- **Information given**:
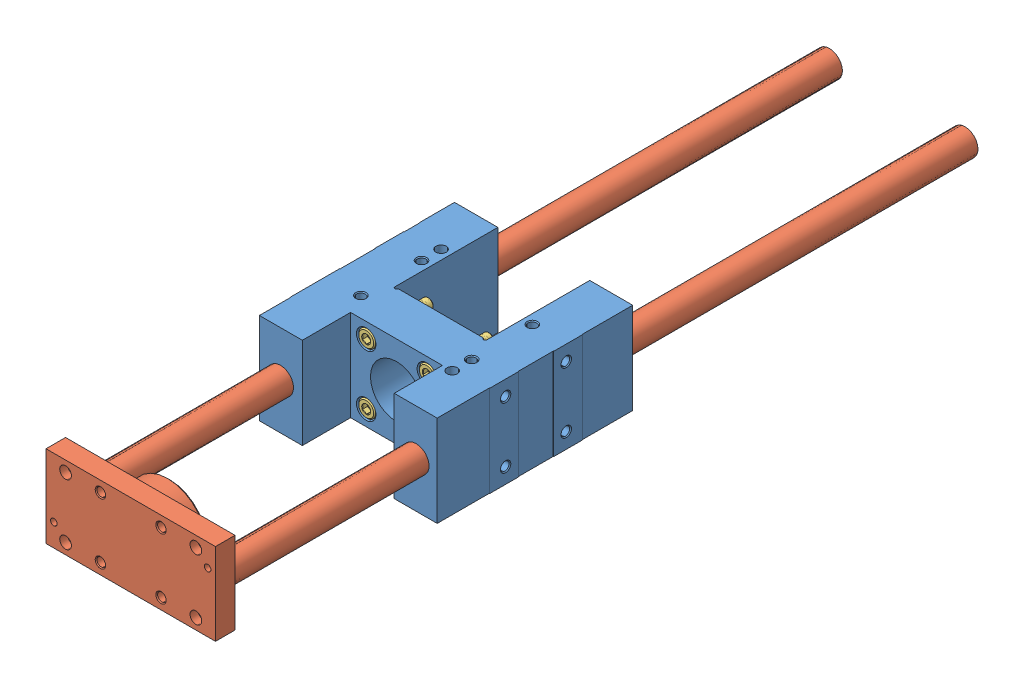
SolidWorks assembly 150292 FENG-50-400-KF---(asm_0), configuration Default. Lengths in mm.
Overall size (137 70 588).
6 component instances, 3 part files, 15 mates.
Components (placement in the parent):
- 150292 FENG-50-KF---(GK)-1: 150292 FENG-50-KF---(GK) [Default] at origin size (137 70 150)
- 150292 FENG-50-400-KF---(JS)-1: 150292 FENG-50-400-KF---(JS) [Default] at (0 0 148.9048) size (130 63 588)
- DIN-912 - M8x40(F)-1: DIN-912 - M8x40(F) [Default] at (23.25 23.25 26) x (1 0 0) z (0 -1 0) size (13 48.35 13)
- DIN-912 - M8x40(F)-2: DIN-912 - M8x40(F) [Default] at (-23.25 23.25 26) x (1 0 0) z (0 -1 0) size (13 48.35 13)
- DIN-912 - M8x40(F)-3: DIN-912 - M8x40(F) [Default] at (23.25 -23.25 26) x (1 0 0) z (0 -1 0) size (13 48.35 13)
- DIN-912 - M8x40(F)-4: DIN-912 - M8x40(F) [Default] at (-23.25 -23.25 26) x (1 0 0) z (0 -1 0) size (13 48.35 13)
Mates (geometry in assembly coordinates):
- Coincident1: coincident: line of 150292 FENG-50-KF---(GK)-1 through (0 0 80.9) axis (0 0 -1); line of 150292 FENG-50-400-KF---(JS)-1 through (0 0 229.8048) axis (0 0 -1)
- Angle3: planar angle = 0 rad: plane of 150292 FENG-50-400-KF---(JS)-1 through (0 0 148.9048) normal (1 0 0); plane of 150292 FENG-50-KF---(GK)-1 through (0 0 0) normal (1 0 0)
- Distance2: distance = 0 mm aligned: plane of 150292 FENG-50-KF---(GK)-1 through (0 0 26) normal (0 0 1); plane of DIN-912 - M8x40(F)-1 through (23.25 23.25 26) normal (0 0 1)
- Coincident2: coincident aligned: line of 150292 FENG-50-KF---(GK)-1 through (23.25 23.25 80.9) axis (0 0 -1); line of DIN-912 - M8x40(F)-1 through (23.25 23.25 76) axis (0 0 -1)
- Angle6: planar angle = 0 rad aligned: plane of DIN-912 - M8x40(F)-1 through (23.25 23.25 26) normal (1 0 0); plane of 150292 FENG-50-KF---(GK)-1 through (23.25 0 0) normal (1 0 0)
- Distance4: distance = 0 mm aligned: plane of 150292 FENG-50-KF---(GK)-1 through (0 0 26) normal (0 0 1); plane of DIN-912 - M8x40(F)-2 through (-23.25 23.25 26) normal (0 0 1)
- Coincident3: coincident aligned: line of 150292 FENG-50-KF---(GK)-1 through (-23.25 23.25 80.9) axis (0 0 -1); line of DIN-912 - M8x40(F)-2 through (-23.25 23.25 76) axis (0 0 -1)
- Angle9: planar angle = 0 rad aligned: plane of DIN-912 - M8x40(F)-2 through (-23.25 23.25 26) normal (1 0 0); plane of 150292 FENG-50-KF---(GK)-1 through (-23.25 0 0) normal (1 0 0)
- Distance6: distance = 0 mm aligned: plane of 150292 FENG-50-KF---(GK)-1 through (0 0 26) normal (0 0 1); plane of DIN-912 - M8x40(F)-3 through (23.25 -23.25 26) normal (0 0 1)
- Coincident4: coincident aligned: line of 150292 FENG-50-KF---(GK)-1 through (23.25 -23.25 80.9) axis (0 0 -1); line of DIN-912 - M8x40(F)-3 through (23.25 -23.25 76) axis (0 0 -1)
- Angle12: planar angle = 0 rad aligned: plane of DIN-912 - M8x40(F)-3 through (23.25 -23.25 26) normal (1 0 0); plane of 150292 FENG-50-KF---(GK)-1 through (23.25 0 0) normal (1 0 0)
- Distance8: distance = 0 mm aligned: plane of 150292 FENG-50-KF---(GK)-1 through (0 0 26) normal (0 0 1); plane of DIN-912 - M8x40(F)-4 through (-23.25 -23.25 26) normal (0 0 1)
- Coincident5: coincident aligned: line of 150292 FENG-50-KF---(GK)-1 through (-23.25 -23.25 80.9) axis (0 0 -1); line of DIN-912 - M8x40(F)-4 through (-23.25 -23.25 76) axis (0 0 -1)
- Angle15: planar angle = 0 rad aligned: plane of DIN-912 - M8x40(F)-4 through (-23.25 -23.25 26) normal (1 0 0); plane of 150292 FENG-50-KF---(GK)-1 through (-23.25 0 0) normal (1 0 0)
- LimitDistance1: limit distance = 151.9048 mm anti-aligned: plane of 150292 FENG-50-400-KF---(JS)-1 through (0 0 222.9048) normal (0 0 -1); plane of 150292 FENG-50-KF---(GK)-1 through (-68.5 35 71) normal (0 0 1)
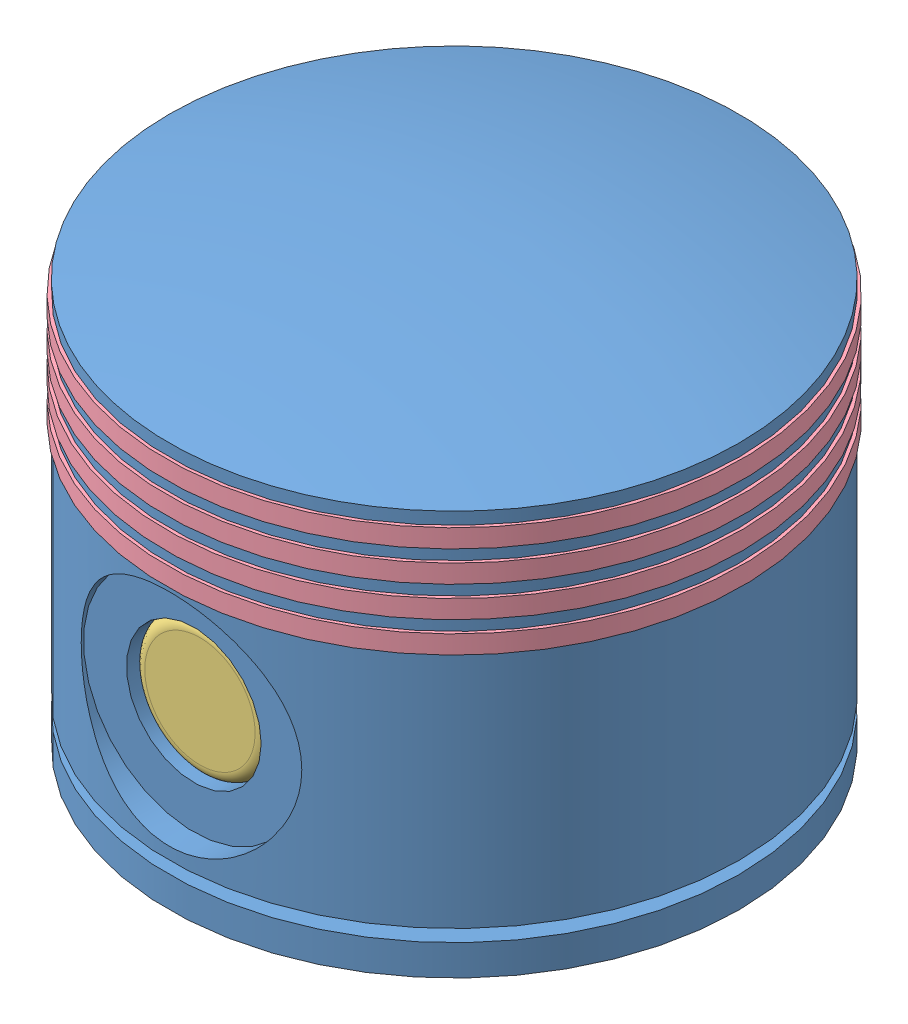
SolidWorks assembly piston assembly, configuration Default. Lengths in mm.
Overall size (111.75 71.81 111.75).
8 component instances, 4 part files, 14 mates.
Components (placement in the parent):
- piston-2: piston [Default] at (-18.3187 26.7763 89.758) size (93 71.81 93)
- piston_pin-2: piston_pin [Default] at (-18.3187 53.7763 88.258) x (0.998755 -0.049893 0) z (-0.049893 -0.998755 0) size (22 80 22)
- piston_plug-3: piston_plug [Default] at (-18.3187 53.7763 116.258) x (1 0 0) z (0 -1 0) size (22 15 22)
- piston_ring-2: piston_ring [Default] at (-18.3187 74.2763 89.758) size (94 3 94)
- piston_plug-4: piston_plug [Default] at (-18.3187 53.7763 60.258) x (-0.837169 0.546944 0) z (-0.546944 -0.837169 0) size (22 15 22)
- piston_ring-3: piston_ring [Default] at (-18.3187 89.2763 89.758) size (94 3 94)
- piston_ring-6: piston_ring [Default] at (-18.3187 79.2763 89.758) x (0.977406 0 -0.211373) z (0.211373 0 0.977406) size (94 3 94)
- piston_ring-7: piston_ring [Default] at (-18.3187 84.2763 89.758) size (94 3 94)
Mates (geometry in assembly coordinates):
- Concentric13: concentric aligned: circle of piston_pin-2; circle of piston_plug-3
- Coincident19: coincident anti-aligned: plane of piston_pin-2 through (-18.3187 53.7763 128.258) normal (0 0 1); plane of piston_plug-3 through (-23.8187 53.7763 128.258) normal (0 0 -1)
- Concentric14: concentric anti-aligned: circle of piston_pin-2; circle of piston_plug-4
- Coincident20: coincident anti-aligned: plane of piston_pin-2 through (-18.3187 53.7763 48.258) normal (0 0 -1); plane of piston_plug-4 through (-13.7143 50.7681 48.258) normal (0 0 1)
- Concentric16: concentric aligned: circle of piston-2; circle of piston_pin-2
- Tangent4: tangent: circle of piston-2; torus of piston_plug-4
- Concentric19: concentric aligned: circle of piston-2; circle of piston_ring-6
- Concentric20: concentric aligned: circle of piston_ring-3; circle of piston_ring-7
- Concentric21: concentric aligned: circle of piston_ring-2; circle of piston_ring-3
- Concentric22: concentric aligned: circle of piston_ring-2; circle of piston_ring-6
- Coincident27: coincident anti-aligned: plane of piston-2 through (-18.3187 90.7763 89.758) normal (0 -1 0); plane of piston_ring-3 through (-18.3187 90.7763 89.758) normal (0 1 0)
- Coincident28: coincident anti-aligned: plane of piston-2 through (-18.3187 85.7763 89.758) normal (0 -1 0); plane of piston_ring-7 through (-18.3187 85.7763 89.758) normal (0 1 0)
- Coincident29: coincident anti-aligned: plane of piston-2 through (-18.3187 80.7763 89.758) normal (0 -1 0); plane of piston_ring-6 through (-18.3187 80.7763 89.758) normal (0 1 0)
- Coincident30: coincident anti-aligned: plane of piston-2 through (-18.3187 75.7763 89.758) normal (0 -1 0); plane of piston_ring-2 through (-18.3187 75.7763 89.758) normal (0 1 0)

- **Problem details**:
Whenever a line above contains "Overall", copy that line.

- **Exercise result**:
Overall size (137 70 588).
Overall size (111.75 71.81 111.75).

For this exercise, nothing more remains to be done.